October 22, 1997

Jonathon G. Katz, Secretary

Securities and Exchange Commission

450 Fifth Street, N.W.

Washington, D.C. 20549

Re: Comments as requested by the SEC on File No. S7-25-97 Shareholder Proposal Amendments

The amendments proposed by the Securities and Exchange Commission as stated in the above referenced document should not be used in view of it’s flagrant violation or, if you will, neglect of the rights of shareholders both institutional and individual. Two major proposed changes to the current shareholder submission process is in my opinion not in the best interest of the shareholders of America’s companies.
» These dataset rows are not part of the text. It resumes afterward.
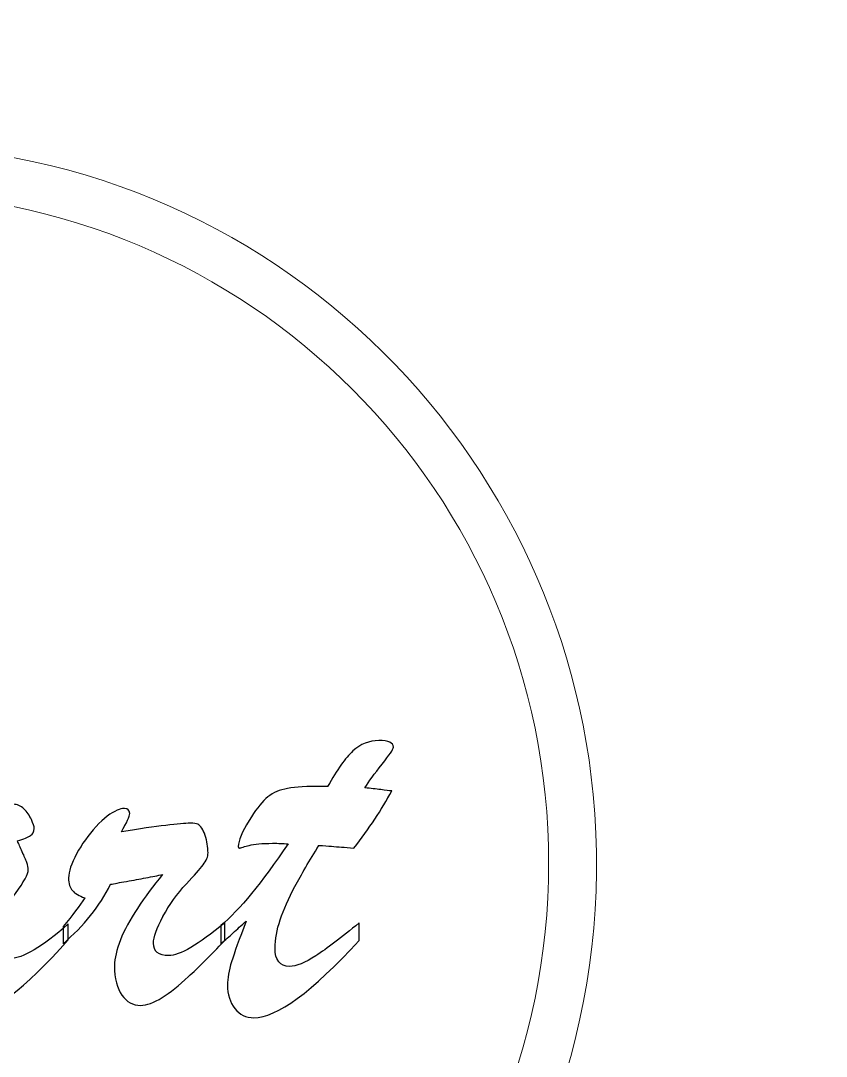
# Model space of a CAD drawing. Header units: millimetres. Extents: x -35 to 35, y -40.2 to 39.8.
# Drawn here: x -16.7 to -8.29, y -6.15 to 4.67 of the extents above; entities that cross this region are included whole.
import ezdxf

# ---------------------------------------------------------------- set-up
doc = ezdxf.new("R2010")
doc.units = ezdxf.units.MM
doc.header["$MEASUREMENT"] = 0
doc.layers.add('layer 1', color=7, linetype='Continuous')

msp = doc.modelspace()

# ---------------------------------------------------------------- linework, layer by layer
at = {"layer": 'layer 1', "color": 142, "lineweight": 20}
msp.add_ellipse((-18.1846, -4.1323), major_axis=(7.0001, 0), ratio=0.9999857, dxfattribs=at)
at = {"layer": 'layer 1', "color": 253, "lineweight": 70}
msp.add_open_spline([(-29.2, 39.8101), (-29.2, 39.8101), (29.1999, 39.8101), (29.1999, 39.8101), (29.1999, 39.8101), (32.39, 39.8101), (35, 37.2001), (35, 34.0102), (35, 34.0102), (35, 34.0102), (35, -34.39), (35, -34.39), (35, -34.39), (35, -37.5799), (32.39, -40.1899), (29.1999, -40.1899), (29.1999, -40.1899), (29.1999, -40.1899), (-29.2, -40.1899), (-29.2, -40.1899), (-29.2, -40.1899), (-32.3901, -40.1899), (-35, -37.5799), (-35, -34.39), (-35, -34.39), (-35, -34.39), (-35, 34.0102), (-35, 34.0102), (-35, 34.0102), (-35, 37.2001), (-32.3901, 39.8101), (-29.2, 39.8101)], degree=3, knots=[0, 0, 0, 0, 0.1111111, 0.1111111, 0.1111111, 0.1111111, 0.2222222, 0.2222222, 0.2222222, 0.2222222, 0.3333333, 0.3333333, 0.3333333, 0.3333333, 0.4444444, 0.4444444, 0.4444444, 0.4444444, 0.5555556, 0.5555556, 0.5555556, 0.5555556, 0.6666667, 0.6666667, 0.6666667, 0.6666667, 0.7777778, 0.7777778, 0.7777778, 0.7777778, 1, 1, 1, 1], dxfattribs=at)
at = {"layer": 'layer 1', "color": 251, "lineweight": 9}
msp.add_open_spline([(-25.6463, -4.8735), (-25.4839, -6.4098), (-24.9148, -7.7068), (-24.02, -8.8423), (-24.02, -8.8423), (-22.5103, -10.7579), (-19.9822, -11.8354), (-17.4496, -11.6003), (-17.4496, -11.6003), (-13.5916, -11.2423), (-10.3082, -7.7774), (-10.7197, -3.4142), (-10.7197, -3.4142), (-11.0872, 0.4827), (-14.5327, 3.7344), (-18.9098, 3.3343), (-18.9098, 3.3343), (-21.0042, 3.1428), (-23.0948, 1.9457), (-24.2573, 0.2694), (-24.2573, 0.2694), (-24.6429, -0.2866), (-25.0012, -0.9057), (-25.2314, -1.5642), (-25.2314, -1.5642), (-25.5847, -2.5752), (-25.7701, -3.7025), (-25.6463, -4.8735)], degree=3, knots=[0, 0, 0, 0, 0.125, 0.125, 0.125, 0.125, 0.25, 0.25, 0.25, 0.25, 0.375, 0.375, 0.375, 0.375, 0.5, 0.5, 0.5, 0.5, 0.625, 0.625, 0.625, 0.625, 0.75, 0.75, 0.75, 0.75, 1, 1, 1, 1], dxfattribs=at)
at = {"layer": 'layer 1', "color": 142}
for points, knots in [([(-13.6113, -3.3308), (-13.6113, -3.3308), (-13.4928, -3.3308), (-13.4928, -3.3308), (-13.4928, -3.3308), (-13.3949, -3.1559), (-13.3075, -3.0326), (-13.2284, -2.9602), (-13.2284, -2.9602), (-13.1494, -2.8877), (-13.0591, -2.8511), (-12.9584, -2.8511), (-12.9584, -2.8511), (-12.8568, -2.8511), (-12.806, -2.8746), (-12.806, -2.9197), (-12.806, -2.9197), (-12.806, -2.9423), (-12.8456, -3.0016), (-12.9246, -3.0994), (-12.9246, -3.0994), (-13.0036, -3.1963), (-13.0638, -3.2781), (-13.1043, -3.3449), (-13.1043, -3.3449), (-13.0422, -3.3515), (-12.9857, -3.3581), (-12.9377, -3.3638), (-12.9377, -3.3638), (-12.8888, -3.3694), (-12.8503, -3.3741), (-12.823, -3.3779), (-12.823, -3.3779), (-12.9274, -3.5717), (-13.0591, -3.7702), (-13.2171, -3.9734), (-13.2171, -3.9734), (-13.2689, -3.9696), (-13.3122, -3.9668), (-13.347, -3.9639), (-13.347, -3.9639), (-13.3818, -3.9611), (-13.4166, -3.9583), (-13.4533, -3.9555), (-13.4533, -3.9555), (-13.489, -3.9527), (-13.5323, -3.9498), (-13.584, -3.9461), (-13.584, -3.9461), (-13.6828, -4.106), (-13.7665, -4.249), (-13.8333, -4.375), (-13.8333, -4.375), (-13.9001, -4.5011), (-13.9519, -4.6168), (-13.9876, -4.7222), (-13.9876, -4.7222), (-14.0234, -4.8266), (-14.0412, -4.9263), (-14.0412, -5.0194), (-14.0412, -5.0194), (-14.0412, -5.1464), (-13.9904, -5.2104), (-13.8898, -5.2104), (-13.8898, -5.2104), (-13.8202, -5.2104), (-13.728, -5.1728), (-13.6151, -5.0985), (-13.6151, -5.0985), (-13.5022, -5.0241), (-13.3517, -4.9103), (-13.1616, -4.756), (-13.1616, -4.756), (-13.1616, -4.756), (-13.1616, -4.9395), (-13.1616, -4.9395), (-13.1616, -4.9395), (-13.6583, -5.4776), (-14.0252, -5.7466), (-14.2623, -5.7466), (-14.2623, -5.7466), (-14.3451, -5.7466), (-14.4119, -5.7146), (-14.4617, -5.6507), (-14.4617, -5.6507), (-14.5125, -5.5858), (-14.5379, -5.503), (-14.5379, -5.4023), (-14.5379, -5.4023), (-14.5379, -5.3346), (-14.5238, -5.2537), (-14.4956, -5.1606), (-14.4956, -5.1606), (-14.4664, -5.0665), (-14.4156, -4.9254), (-14.3423, -4.7363), (-14.3423, -4.7363), (-14.3677, -4.7589), (-14.3921, -4.7796), (-14.4147, -4.8012), (-14.4147, -4.8012), (-14.4382, -4.8219), (-14.4589, -4.8416), (-14.4787, -4.8586), (-14.4787, -4.8586), (-14.4975, -4.8765), (-14.5182, -4.8943), (-14.5408, -4.9141), (-14.5408, -4.9141), (-14.5624, -4.9329), (-14.585, -4.9527), (-14.6066, -4.9733), (-14.6066, -4.9733), (-14.6066, -4.9733), (-14.6066, -4.7824), (-14.6066, -4.7824), (-14.6066, -4.7824), (-14.4138, -4.6206), (-14.1805, -4.3365), (-13.9058, -3.9291), (-13.9058, -3.9291), (-13.934, -3.9282), (-13.9594, -3.9263), (-13.9838, -3.9254), (-13.9838, -3.9254), (-14.0074, -3.9244), (-14.0356, -3.9244), (-14.0685, -3.9244), (-14.0685, -3.9244), (-14.1776, -3.9244), (-14.2585, -3.931), (-14.3112, -3.9461), (-14.3112, -3.9461), (-14.3338, -3.9517), (-14.3545, -3.9574), (-14.3733, -3.9639), (-14.3733, -3.9639), (-14.3931, -3.9705), (-14.4062, -3.9734), (-14.4138, -3.9734), (-14.4138, -3.9734), (-14.4213, -3.9734), (-14.425, -3.9677), (-14.425, -3.9574), (-14.425, -3.9574), (-14.425, -3.8972), (-14.3874, -3.8068), (-14.3112, -3.6864), (-14.3112, -3.6864), (-14.251, -3.5839), (-14.1936, -3.5077), (-14.1391, -3.4578), (-14.1391, -3.4578), (-14.0845, -3.408), (-14.0186, -3.3741), (-13.9406, -3.3572), (-13.9406, -3.3572), (-13.8625, -3.3393), (-13.7524, -3.3308), (-13.6113, -3.3308)], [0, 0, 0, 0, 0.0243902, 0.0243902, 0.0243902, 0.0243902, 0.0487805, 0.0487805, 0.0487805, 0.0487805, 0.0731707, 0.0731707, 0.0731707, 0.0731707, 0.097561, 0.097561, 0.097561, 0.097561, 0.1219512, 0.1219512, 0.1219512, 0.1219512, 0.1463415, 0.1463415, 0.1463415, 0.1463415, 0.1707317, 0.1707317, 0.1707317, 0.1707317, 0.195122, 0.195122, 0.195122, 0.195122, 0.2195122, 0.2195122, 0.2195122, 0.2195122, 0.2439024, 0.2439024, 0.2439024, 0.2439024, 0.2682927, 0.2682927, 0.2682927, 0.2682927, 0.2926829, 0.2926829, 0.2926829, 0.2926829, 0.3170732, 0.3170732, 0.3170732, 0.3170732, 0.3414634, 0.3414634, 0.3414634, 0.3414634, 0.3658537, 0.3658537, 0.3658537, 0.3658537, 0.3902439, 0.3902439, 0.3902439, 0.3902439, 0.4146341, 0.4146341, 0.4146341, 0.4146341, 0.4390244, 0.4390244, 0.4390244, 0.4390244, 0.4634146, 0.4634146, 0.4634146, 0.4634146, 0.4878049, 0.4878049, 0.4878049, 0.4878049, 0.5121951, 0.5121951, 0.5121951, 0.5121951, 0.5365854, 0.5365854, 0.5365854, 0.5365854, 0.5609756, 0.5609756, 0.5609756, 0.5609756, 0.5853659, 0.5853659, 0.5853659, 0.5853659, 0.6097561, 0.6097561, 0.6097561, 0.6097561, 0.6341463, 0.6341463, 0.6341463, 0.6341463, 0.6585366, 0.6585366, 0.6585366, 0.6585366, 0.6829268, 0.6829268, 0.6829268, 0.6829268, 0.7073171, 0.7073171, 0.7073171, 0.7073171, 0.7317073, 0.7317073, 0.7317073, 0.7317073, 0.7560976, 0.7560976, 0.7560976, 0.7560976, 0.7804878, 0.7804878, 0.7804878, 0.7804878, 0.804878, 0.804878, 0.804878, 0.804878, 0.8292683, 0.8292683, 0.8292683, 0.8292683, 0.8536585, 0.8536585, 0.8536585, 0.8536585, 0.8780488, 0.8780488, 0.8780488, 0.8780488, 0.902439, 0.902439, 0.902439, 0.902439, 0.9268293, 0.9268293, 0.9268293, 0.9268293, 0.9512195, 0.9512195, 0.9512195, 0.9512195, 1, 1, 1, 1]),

The first is the modification of the C4 personal grievance exclusion, the provision whereas companies can exclude a proposal for basically any reason indicating a shareholder’s personal interest or grievance and the SEC will take "no view" basically concurring that it won’t pursue the issue if they do. How is this an improvement toward shareholders’ rights? I believe this will do nothing but cease all shareholder proposals submitted by any shareholder if a company has any reason that could be considered a personal interest or personal grievance. If a shareholder should wish to continue the attempt to force the issue of submitting their resolution the shareholder would have to sue the company and expend personal resources to do so which would be impossible for a majority of shareholder proponents.

The second is the percentage of votes counted needed to resubmit a proposal after the first proxy season increased to six, fifteen and thirty percent the second, third and fourth submission year after year. Currently a shareholder needs three, six and then ten percent of the votes to resubmit. A motion to extend the time frame but increase as well the resubmission rates was made by Jon Lukomnik from NYCERS to a four year rule with a maximum of twenty five percent noting that it takes time for an issue to be accepted and understood by shareholders. This seemed to have been ignored even though it had a majority of support from those involved in assisting the SEC with the information gathering process. A slim number of proposals ever receive the thirty percentile by the third year and so almost all of shareholder concerns would be excludable from companies proxy statements. This would give way to allow companies to act on behalf of the management’s own "personal interest" since there will be no accountability to the stockholder.

How can the SEC call itself the "Investor’s Advocate" and then turn it’s back on investors when they need it the most? Arthur Levitt himself has had a history of helping the little guy or the small shareholder. Has he sold out his interest for the courtship of big business? I am dismayed at the shameful way the shareholder proposal process has turned from one of a positively upward move to help smooth out the rough edges of submitting shareholder proposals to disenfranchising shareholders’ rights to accountability and the freedom of expressing their view to the management and other shareholders.